In the early 1990s, there were rumors that the exiled family of Yangki, the late Druk Gyalpo's mistress, including an illegitimate pretender to the throne, were garnering support among conservative forces in Bhutan to return to a position of authority.
Democracy in Bhutan
Bhutan adopted democracy quite late. After 100 years of absolute monarchy, it was finally declared a constitutional monarchy in 2008 and held its first ever general election the same year The country until then had no written constitution and the monarch was the supreme authority.
King Jigme Singye Wangchuck, Bhutan’s fourth king, began the process of democratizing Bhutan when he gave up some of his absolute powers in 1998. In March 2005, he unveiled the government's new draft constitution, which introduced major democratic reforms. In December 2006 he abdicated the throne to his son, Jigme Khesar Namgyel Wangchuck, in order to give him experience as head of state before the democratic transition. The country’s first political parties were allowed to form in 2007. The constitution was put into effect in 2008. The first general election, in 2008, was contested by only two political parties, the People’s Democratic Party (PDP) led by Sangay Negdrup and the Druk Phuntshum Tshogpa (DPT) led by Jigme Y. Thinley, both of whom had served as Prime Ministers under the monarch. The first general election was held in 2008. Only two parties took part, and the royalty-linked Bhutan Peace and Prosperity Party (DPT) won. In second election, in 2013, opposition People's Democratic Party (PDP) won.
Bhujel Dhan Kumar wrote in the South Asia Journal: “The first democratically elected government was formed by the DPT in July 2008 after its landslide victory with forty-five out of forty seven seats in the parliament. The country felt quite optimistic when Jigme Y. Thinley became its first democratic prime minister as he is considered an experienced man who had served the country in various capacities, including as foreign minister, home minister and prime minister under the absolute monarchy that preceded the election. Under the new government, the country saw numerous changes and developments but the government was not free from errors. [Source: Democracy in Bhutan: A Critical Assessment by Bhujel Dhan Kumar, South Asia Journal, July 8, 2015]

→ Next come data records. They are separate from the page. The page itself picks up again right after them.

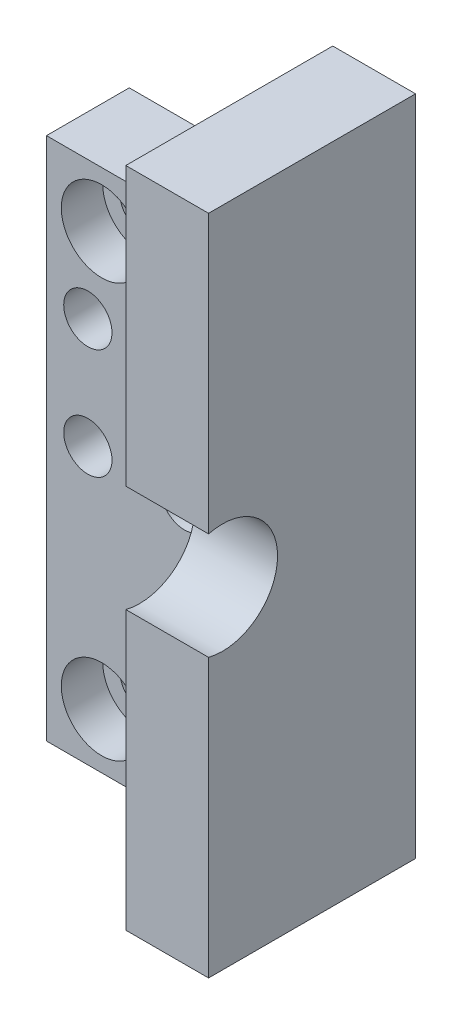
ISO-10303-21;
HEADER;
FILE_DESCRIPTION(('STEP AP214'),'2;1');
FILE_NAME('part.step','',(''),(''),'','','');
FILE_SCHEMA(('AUTOMOTIVE_DESIGN { 1 0 10303 214 1 1 1 1 }'));
ENDSEC;
DATA;
#1=APPLICATION_CONTEXT('core data for automotive mechanical design processes');
#2=APPLICATION_PROTOCOL_DEFINITION('international standard','automotive_design',2000,#1);
#3=PRODUCT_CONTEXT('',#1,'mechanical');
#4=PRODUCT('Part','Part','',(#3));
#5=PRODUCT_RELATED_PRODUCT_CATEGORY('part','',(#4));
#6=PRODUCT_DEFINITION_FORMATION('','',#4);
#7=PRODUCT_DEFINITION_CONTEXT('part definition',#1,'design');
#8=PRODUCT_DEFINITION('design','',#6,#7);
#9=PRODUCT_DEFINITION_SHAPE('','',#8);
#10=(LENGTH_UNIT() NAMED_UNIT(*) SI_UNIT(.MILLI.,.METRE.));
#11=(NAMED_UNIT(*) PLANE_ANGLE_UNIT() SI_UNIT($,.RADIAN.));
#12=(NAMED_UNIT(*) SI_UNIT($,.STERADIAN.) SOLID_ANGLE_UNIT());
#13=UNCERTAINTY_MEASURE_WITH_UNIT(LENGTH_MEASURE(1.E-05),#10,'distance_accuracy_value','');
#14=(GEOMETRIC_REPRESENTATION_CONTEXT(3) GLOBAL_UNCERTAINTY_ASSIGNED_CONTEXT((#13)) GLOBAL_UNIT_ASSIGNED_CONTEXT((#10,
#11,#12)) REPRESENTATION_CONTEXT('',''));
#15=CARTESIAN_POINT('',(0.,0.,0.));
#16=DIRECTION('',(0.,0.,1.));
#17=DIRECTION('',(1.,0.,0.));
#18=AXIS2_PLACEMENT_3D('',#15,#16,#17);
#19=CARTESIAN_POINT('',(0.,0.,0.));
#20=DIRECTION('',(0.,0.,-1.));
#21=DIRECTION('',(-1.,0.,0.));
#22=AXIS2_PLACEMENT_3D('',#19,#20,#21);
#23=PLANE('',#22);
#24=DIRECTION('',(0.,-1.,0.));
#25=VECTOR('',#24,1.);
#26=CARTESIAN_POINT('',(20.75,48.,0.));
#27=LINE('',#26,#25);
#28=CARTESIAN_POINT('',(20.75,38.,0.));
#29=VERTEX_POINT('',#28);
#30=CARTESIAN_POINT('',(20.75,0.,0.));
#31=VERTEX_POINT('',#30);
#32=EDGE_CURVE('E149',#29,#31,#27,.T.);
#33=ORIENTED_EDGE('',*,*,#32,.F.);
#34=DIRECTION('',(-1.,0.,0.));
#35=VECTOR('',#34,1.);
#36=CARTESIAN_POINT('',(0.,38.,0.));
#37=LINE('',#36,#35);
#38=CARTESIAN_POINT('',(35.5,38.,0.));
#39=VERTEX_POINT('',#38);
#40=EDGE_CURVE('E168',#39,#29,#37,.T.);
#41=ORIENTED_EDGE('',*,*,#40,.F.);
#42=DIRECTION('',(0.,1.,0.));
#43=VECTOR('',#42,1.);
#44=CARTESIAN_POINT('',(35.5,0.,0.));
#45=LINE('',#44,#43);
#46=CARTESIAN_POINT('',(35.5,48.,0.));
#47=VERTEX_POINT('',#46);
#48=EDGE_CURVE('E328',#39,#47,#45,.T.);
#49=ORIENTED_EDGE('',*,*,#48,.T.);
#50=DIRECTION('',(1.,0.,0.));
#51=VECTOR('',#50,1.);
#52=CARTESIAN_POINT('',(41.5,48.,0.));
#53=LINE('',#52,#51);
#54=CARTESIAN_POINT('',(41.5,48.,0.));
#55=VERTEX_POINT('',#54);
#56=EDGE_CURVE('E296',#47,#55,#53,.T.);
#57=ORIENTED_EDGE('',*,*,#56,.T.);
#58=DIRECTION('',(0.,-1.,0.));
#59=VECTOR('',#58,1.);
#60=CARTESIAN_POINT('',(41.5,0.,0.));
#61=LINE('',#60,#59);
#62=CARTESIAN_POINT('',(41.5,0.,0.));
#63=VERTEX_POINT('',#62);
#64=EDGE_CURVE('E167',#55,#63,#61,.T.);
#65=ORIENTED_EDGE('',*,*,#64,.T.);
#66=DIRECTION('',(1.,0.,0.));
#67=VECTOR('',#66,1.);
#68=CARTESIAN_POINT('',(0.,0.,0.));
#69=LINE('',#68,#67);
#70=EDGE_CURVE('E159',#31,#63,#69,.T.);
#71=ORIENTED_EDGE('',*,*,#70,.F.);
#72=EDGE_LOOP('',(#33,#41,#49,#57,#65,#71));
#73=FACE_BOUND('',#72,.T.);
#74=CARTESIAN_POINT('',(24.75,4.,0.));
#75=DIRECTION('',(0.,0.,-1.));
#76=DIRECTION('',(-1.,0.,0.));
#77=AXIS2_PLACEMENT_3D('',#74,#75,#76);
#78=CIRCLE('',#77,1.675);
#79=CARTESIAN_POINT('',(23.075,4.,0.));
#80=VERTEX_POINT('',#79);
#81=EDGE_CURVE('E289',#80,#80,#78,.T.);
#82=ORIENTED_EDGE('',*,*,#81,.F.);
#83=EDGE_LOOP('',(#82));
#84=FACE_BOUND('',#83,.T.);
#85=CARTESIAN_POINT('',(24.75,34.,0.));
#86=DIRECTION('',(0.,0.,-1.));
#87=DIRECTION('',(-1.,0.,0.));
#88=AXIS2_PLACEMENT_3D('',#85,#86,#87);
#89=CIRCLE('',#88,1.67500000000001);
#90=CARTESIAN_POINT('',(23.075,34.,0.));
#91=VERTEX_POINT('',#90);
#92=EDGE_CURVE('E292',#91,#91,#89,.T.);
#93=ORIENTED_EDGE('',*,*,#92,.F.);
#94=EDGE_LOOP('',(#93));
#95=FACE_BOUND('',#94,.T.);
#96=CARTESIAN_POINT('',(30.75,28.,0.));
#97=DIRECTION('',(0.,0.,-1.));
#98=DIRECTION('',(-1.,0.,0.));
#99=AXIS2_PLACEMENT_3D('',#96,#97,#98);
#100=CIRCLE('',#99,1.75);
#101=CARTESIAN_POINT('',(32.5,28.,0.));
#102=VERTEX_POINT('',#101);
#103=CARTESIAN_POINT('',(29.,28.,0.));
#104=VERTEX_POINT('',#103);
#105=EDGE_CURVE('E186',#102,#104,#100,.F.);
#106=ORIENTED_EDGE('',*,*,#105,.T.);
#107=DIRECTION('',(0.,-1.,0.));
#108=VECTOR('',#107,1.);
#109=CARTESIAN_POINT('',(29.,20.,0.));
#110=LINE('',#109,#108);
#111=CARTESIAN_POINT('',(29.,20.,0.));
#112=VERTEX_POINT('',#111);
#113=EDGE_CURVE('E333',#104,#112,#110,.T.);
#114=ORIENTED_EDGE('',*,*,#113,.T.);
#115=CARTESIAN_POINT('',(30.75,20.,0.));
#116=DIRECTION('',(0.,0.,-1.));
#117=DIRECTION('',(-1.,0.,0.));
#118=AXIS2_PLACEMENT_3D('',#115,#116,#117);
#119=CIRCLE('',#118,1.75);
#120=CARTESIAN_POINT('',(32.5,20.,0.));
#121=VERTEX_POINT('',#120);
#122=EDGE_CURVE('E193',#112,#121,#119,.F.);
#123=ORIENTED_EDGE('',*,*,#122,.T.);
#124=DIRECTION('',(0.,1.,0.));
#125=VECTOR('',#124,1.);
#126=CARTESIAN_POINT('',(32.5,20.,0.));
#127=LINE('',#126,#125);
#128=EDGE_CURVE('E220',#121,#102,#127,.T.);
#129=ORIENTED_EDGE('',*,*,#128,.T.);
#130=EDGE_LOOP('',(#106,#114,#123,#129));
#131=FACE_BOUND('',#130,.T.);
#132=CARTESIAN_POINT('',(23.75,28.,0.));
#133=DIRECTION('',(0.,0.,-1.));
#134=DIRECTION('',(-1.,0.,0.));
#135=AXIS2_PLACEMENT_3D('',#132,#133,#134);
#136=CIRCLE('',#135,1.75);
#137=CARTESIAN_POINT('',(25.5,28.,0.));
#138=VERTEX_POINT('',#137);
#139=CARTESIAN_POINT('',(22.,28.,0.));
#140=VERTEX_POINT('',#139);
#141=EDGE_CURVE('E196',#138,#140,#136,.F.);
#142=ORIENTED_EDGE('',*,*,#141,.T.);
#143=DIRECTION('',(0.,-1.,0.));
#144=VECTOR('',#143,1.);
#145=CARTESIAN_POINT('',(22.,28.,0.));
#146=LINE('',#145,#144);
#147=CARTESIAN_POINT('',(22.,20.,0.));
#148=VERTEX_POINT('',#147);
#149=EDGE_CURVE('E224',#140,#148,#146,.T.);
#150=ORIENTED_EDGE('',*,*,#149,.T.);
#151=CARTESIAN_POINT('',(23.75,20.,0.));
#152=DIRECTION('',(0.,0.,-1.));
#153=DIRECTION('',(-1.,0.,0.));
#154=AXIS2_PLACEMENT_3D('',#151,#152,#153);
#155=CIRCLE('',#154,1.75);
#156=CARTESIAN_POINT('',(25.5,20.,0.));
#157=VERTEX_POINT('',#156);
#158=EDGE_CURVE('E189',#148,#157,#155,.F.);
#159=ORIENTED_EDGE('',*,*,#158,.T.);
#160=DIRECTION('',(0.,1.,0.));
#161=VECTOR('',#160,1.);
#162=CARTESIAN_POINT('',(25.5,28.,0.));
#163=LINE('',#162,#161);
#164=EDGE_CURVE('E228',#157,#138,#163,.T.);
#165=ORIENTED_EDGE('',*,*,#164,.T.);
#166=EDGE_LOOP('',(#142,#150,#159,#165));
#167=FACE_BOUND('',#166,.T.);
#168=ADVANCED_FACE('F32',(#73,#84,#95,#131,#167),#23,.T.);
#169=CARTESIAN_POINT('',(0.,0.,6.));
#170=DIRECTION('',(0.,0.,-1.));
#171=DIRECTION('',(-1.,0.,0.));
#172=AXIS2_PLACEMENT_3D('',#169,#170,#171);
#173=PLANE('',#172);
#174=CARTESIAN_POINT('',(24.75,4.,6.));
#175=DIRECTION('',(0.,0.,-1.));
#176=DIRECTION('',(-1.,0.,0.));
#177=AXIS2_PLACEMENT_3D('',#174,#175,#176);
#178=CIRCLE('',#177,2.925);
#179=CARTESIAN_POINT('',(21.825,4.,6.));
#180=VERTEX_POINT('',#179);
#181=EDGE_CURVE('E199',#180,#180,#178,.T.);
#182=ORIENTED_EDGE('',*,*,#181,.T.);
#183=EDGE_LOOP('',(#182));
#184=FACE_BOUND('',#183,.T.);
#185=CARTESIAN_POINT('',(24.75,34.,6.));
#186=DIRECTION('',(0.,0.,-1.));
#187=DIRECTION('',(-1.,0.,0.));
#188=AXIS2_PLACEMENT_3D('',#185,#186,#187);
#189=CIRCLE('',#188,2.925);
#190=CARTESIAN_POINT('',(21.825,34.,6.));
#191=VERTEX_POINT('',#190);
#192=EDGE_CURVE('E256',#191,#191,#189,.T.);
#193=ORIENTED_EDGE('',*,*,#192,.T.);
#194=EDGE_LOOP('',(#193));
#195=FACE_BOUND('',#194,.T.);
#196=CARTESIAN_POINT('',(30.75,28.,6.));
#197=DIRECTION('',(0.,0.,-1.));
#198=DIRECTION('',(-1.,0.,0.));
#199=AXIS2_PLACEMENT_3D('',#196,#197,#198);
#200=CIRCLE('',#199,1.75);
#201=CARTESIAN_POINT('',(29.,28.,6.));
#202=VERTEX_POINT('',#201);
#203=EDGE_CURVE('E190',#202,#202,#200,.T.);
#204=ORIENTED_EDGE('',*,*,#203,.T.);
#205=EDGE_LOOP('',(#204));
#206=FACE_BOUND('',#205,.T.);
#207=CARTESIAN_POINT('',(23.75,20.,6.));
#208=DIRECTION('',(0.,0.,-1.));
#209=DIRECTION('',(1.,0.,0.));
#210=AXIS2_PLACEMENT_3D('',#207,#208,#209);
#211=CIRCLE('',#210,1.75);
#212=CARTESIAN_POINT('',(25.5,20.,6.));
#213=VERTEX_POINT('',#212);
#214=EDGE_CURVE('E243',#213,#213,#211,.T.);
#215=ORIENTED_EDGE('',*,*,#214,.T.);
#216=EDGE_LOOP('',(#215));
#217=FACE_BOUND('',#216,.T.);
#218=CARTESIAN_POINT('',(30.75,20.,6.));
#219=DIRECTION('',(0.,0.,-1.));
#220=DIRECTION('',(1.,0.,0.));
#221=AXIS2_PLACEMENT_3D('',#218,#219,#220);
#222=CIRCLE('',#221,1.75);
#223=CARTESIAN_POINT('',(32.5,20.,6.));
#224=VERTEX_POINT('',#223);
#225=EDGE_CURVE('E246',#224,#224,#222,.T.);
#226=ORIENTED_EDGE('',*,*,#225,.T.);
#227=EDGE_LOOP('',(#226));
#228=FACE_BOUND('',#227,.T.);
#229=CARTESIAN_POINT('',(23.75,28.,6.));
#230=DIRECTION('',(0.,0.,-1.));
#231=DIRECTION('',(-1.,0.,0.));
#232=AXIS2_PLACEMENT_3D('',#229,#230,#231);
#233=CIRCLE('',#232,1.75);
#234=CARTESIAN_POINT('',(22.,28.,6.));
#235=VERTEX_POINT('',#234);
#236=EDGE_CURVE('E247',#235,#235,#233,.T.);
#237=ORIENTED_EDGE('',*,*,#236,.T.);
#238=EDGE_LOOP('',(#237));
#239=FACE_BOUND('',#238,.T.);
#240=DIRECTION('',(1.,0.,0.));
#241=VECTOR('',#240,1.);
#242=CARTESIAN_POINT('',(20.75,38.,6.));
#243=LINE('',#242,#241);
#244=CARTESIAN_POINT('',(20.75,38.,6.));
#245=VERTEX_POINT('',#244);
#246=CARTESIAN_POINT('',(35.5,38.,6.));
#247=VERTEX_POINT('',#246);
#248=EDGE_CURVE('E53',#245,#247,#243,.T.);
#249=ORIENTED_EDGE('',*,*,#248,.F.);
#250=DIRECTION('',(0.,-1.,0.));
#251=VECTOR('',#250,1.);
#252=CARTESIAN_POINT('',(20.75,0.,6.));
#253=LINE('',#252,#251);
#254=CARTESIAN_POINT('',(20.75,0.,6.));
#255=VERTEX_POINT('',#254);
#256=EDGE_CURVE('E47',#245,#255,#253,.T.);
#257=ORIENTED_EDGE('',*,*,#256,.T.);
#258=DIRECTION('',(1.,0.,0.));
#259=VECTOR('',#258,1.);
#260=CARTESIAN_POINT('',(0.,0.,6.));
#261=LINE('',#260,#259);
#262=CARTESIAN_POINT('',(35.5,0.,6.));
#263=VERTEX_POINT('',#262);
#264=EDGE_CURVE('E162',#255,#263,#261,.T.);
#265=ORIENTED_EDGE('',*,*,#264,.T.);
#266=DIRECTION('',(0.,-1.,0.));
#267=VECTOR('',#266,1.);
#268=CARTESIAN_POINT('',(35.5,0.,6.));
#269=LINE('',#268,#267);
#270=EDGE_CURVE('E284',#247,#263,#269,.T.);
#271=ORIENTED_EDGE('',*,*,#270,.F.);
#272=EDGE_LOOP('',(#249,#257,#265,#271));
#273=FACE_BOUND('',#272,.T.);
#274=ADVANCED_FACE('F326',(#184,#195,#206,#217,#228,#239,#273),#173,.F.);
#275=CARTESIAN_POINT('',(41.5,48.,6.));
#276=DIRECTION('',(0.,1.,0.));
#277=DIRECTION('',(0.,0.,1.));
#278=AXIS2_PLACEMENT_3D('',#275,#276,#277);
#279=PLANE('',#278);
#280=ORIENTED_EDGE('',*,*,#56,.F.);
#281=DIRECTION('',(0.,0.,-1.));
#282=VECTOR('',#281,1.);
#283=CARTESIAN_POINT('',(35.5,48.,0.));
#284=LINE('',#283,#282);
#285=CARTESIAN_POINT('',(35.5,48.,15.));
#286=VERTEX_POINT('',#285);
#287=EDGE_CURVE('E269',#286,#47,#284,.T.);
#288=ORIENTED_EDGE('',*,*,#287,.F.);
#289=DIRECTION('',(1.,0.,0.));
#290=VECTOR('',#289,1.);
#291=CARTESIAN_POINT('',(35.5,48.,15.));
#292=LINE('',#291,#290);
#293=CARTESIAN_POINT('',(41.5,48.,15.));
#294=VERTEX_POINT('',#293);
#295=EDGE_CURVE('E278',#286,#294,#292,.T.);
#296=ORIENTED_EDGE('',*,*,#295,.T.);
#297=DIRECTION('',(0.,0.,-1.));
#298=VECTOR('',#297,1.);
#299=CARTESIAN_POINT('',(41.5,48.,6.));
#300=LINE('',#299,#298);
#301=EDGE_CURVE('E300',#294,#55,#300,.T.);
#302=ORIENTED_EDGE('',*,*,#301,.T.);
#303=EDGE_LOOP('',(#280,#288,#296,#302));
#304=FACE_BOUND('',#303,.T.);
#305=ADVANCED_FACE('F306',(#304),#279,.T.);
#306=CARTESIAN_POINT('',(30.75,28.,-4.));
#307=DIRECTION('',(0.,0.,1.));
#308=DIRECTION('',(1.,0.,0.));
#309=AXIS2_PLACEMENT_3D('',#306,#307,#308);
#310=CYLINDRICAL_SURFACE('',#309,1.75);
#311=ORIENTED_EDGE('',*,*,#203,.F.);
#312=EDGE_LOOP('',(#311));
#313=FACE_BOUND('',#312,.T.);
#314=ORIENTED_EDGE('',*,*,#105,.F.);
#315=DIRECTION('',(0.,0.,-1.));
#316=VECTOR('',#315,1.);
#317=CARTESIAN_POINT('',(32.5,28.,2.5));
#318=LINE('',#317,#316);
#319=CARTESIAN_POINT('',(32.5,28.,2.5));
#320=VERTEX_POINT('',#319);
#321=EDGE_CURVE('E230',#320,#102,#318,.T.);
#322=ORIENTED_EDGE('',*,*,#321,.F.);
#323=CARTESIAN_POINT('',(30.75,28.,2.5));
#324=DIRECTION('',(0.,0.,1.));
#325=DIRECTION('',(1.,0.,0.));
#326=AXIS2_PLACEMENT_3D('',#323,#324,#325);
#327=CIRCLE('',#326,1.75);
#328=CARTESIAN_POINT('',(29.,28.,2.5));
#329=VERTEX_POINT('',#328);
#330=EDGE_CURVE('E240',#329,#320,#327,.T.);
#331=ORIENTED_EDGE('',*,*,#330,.F.);
#332=DIRECTION('',(0.,0.,-1.));
#333=VECTOR('',#332,1.);
#334=CARTESIAN_POINT('',(29.,28.,2.5));
#335=LINE('',#334,#333);
#336=EDGE_CURVE('E219',#329,#104,#335,.T.);
#337=ORIENTED_EDGE('',*,*,#336,.T.);
#338=EDGE_LOOP('',(#314,#322,#331,#337));
#339=FACE_BOUND('',#338,.T.);
#340=ADVANCED_FACE('F358',(#313,#339),#310,.F.);
#341=CARTESIAN_POINT('',(23.75,20.,-4.));
#342=DIRECTION('',(0.,0.,1.));
#343=DIRECTION('',(1.,0.,0.));
#344=AXIS2_PLACEMENT_3D('',#341,#342,#343);
#345=CYLINDRICAL_SURFACE('',#344,1.75);
#346=ORIENTED_EDGE('',*,*,#214,.F.);
#347=EDGE_LOOP('',(#346));
#348=FACE_BOUND('',#347,.T.);
#349=ORIENTED_EDGE('',*,*,#158,.F.);
#350=DIRECTION('',(0.,0.,-1.));
#351=VECTOR('',#350,1.);
#352=CARTESIAN_POINT('',(22.,20.,2.5));
#353=LINE('',#352,#351);
#354=CARTESIAN_POINT('',(22.,20.,2.5));
#355=VERTEX_POINT('',#354);
#356=EDGE_CURVE('E241',#355,#148,#353,.T.);
#357=ORIENTED_EDGE('',*,*,#356,.F.);
#358=CARTESIAN_POINT('',(23.75,20.,2.5));
#359=DIRECTION('',(0.,0.,-1.));
#360=DIRECTION('',(-1.,0.,0.));
#361=AXIS2_PLACEMENT_3D('',#358,#359,#360);
#362=CIRCLE('',#361,1.75);
#363=CARTESIAN_POINT('',(25.5,20.,2.5));
#364=VERTEX_POINT('',#363);
#365=EDGE_CURVE('E237',#355,#364,#362,.T.);
#366=ORIENTED_EDGE('',*,*,#365,.T.);
#367=DIRECTION('',(0.,0.,-1.));
#368=VECTOR('',#367,1.);
#369=CARTESIAN_POINT('',(25.5,20.,2.5));
#370=LINE('',#369,#368);
#371=EDGE_CURVE('E344',#364,#157,#370,.T.);
#372=ORIENTED_EDGE('',*,*,#371,.T.);
#373=EDGE_LOOP('',(#349,#357,#366,#372));
#374=FACE_BOUND('',#373,.T.);
#375=ADVANCED_FACE('F421',(#348,#374),#345,.F.);
#376=CARTESIAN_POINT('',(30.75,20.,-4.));
#377=DIRECTION('',(0.,0.,1.));
#378=DIRECTION('',(1.,0.,0.));
#379=AXIS2_PLACEMENT_3D('',#376,#377,#378);
#380=CYLINDRICAL_SURFACE('',#379,1.75);
#381=ORIENTED_EDGE('',*,*,#225,.F.);
#382=EDGE_LOOP('',(#381));
#383=FACE_BOUND('',#382,.T.);
#384=ORIENTED_EDGE('',*,*,#122,.F.);
#385=DIRECTION('',(0.,0.,-1.));
#386=VECTOR('',#385,1.);
#387=CARTESIAN_POINT('',(29.,20.,2.5));
#388=LINE('',#387,#386);
#389=CARTESIAN_POINT('',(29.,20.,2.5));
#390=VERTEX_POINT('',#389);
#391=EDGE_CURVE('E216',#390,#112,#388,.T.);
#392=ORIENTED_EDGE('',*,*,#391,.F.);
#393=CARTESIAN_POINT('',(30.75,20.,2.5));
#394=DIRECTION('',(0.,0.,1.));
#395=DIRECTION('',(1.,0.,0.));
#396=AXIS2_PLACEMENT_3D('',#393,#394,#395);
#397=CIRCLE('',#396,1.75);
#398=CARTESIAN_POINT('',(32.5,20.,2.5));
#399=VERTEX_POINT('',#398);
#400=EDGE_CURVE('E40',#399,#390,#397,.T.);
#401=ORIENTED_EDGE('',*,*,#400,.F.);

“The very first democratically elected government... completed its tenure on a controversial note. The government at times has shown an aggressive attitude toward criticism, but it ultimately learned to live with some of it. The autocratic behavior of the government is linked to the system followed during the monarchy that preceded it. The constitutional bodies and agencies have played their roles in upholding the democratic institutions and democratic values. Accordingly the media emerged strong and has been able to provide a greater platform for citizens to speak out. At times there have been clashes and divergent views between the democratic constitutional bodies but it has only made them become stronger in their functions. On the whole, democracy in Bhutan has been satisfactory because it has been able to tackle corruption issues that had occurred under absolute monarchy and would have never come to light if Bhutan was still an absolute monarchy where people in power had the ultimate authority. Government has learnt to be more tolerant with time and accept public criticism, although reluctantly. Lastly it is commendable that the opposition has done the hardest job in the first ever democratic governance in the country. Bhutanese democracy is still in its infancy and there is still a lot to achieve and strive for. The people have to still wait and see what awaits them in the next five years from a new government.”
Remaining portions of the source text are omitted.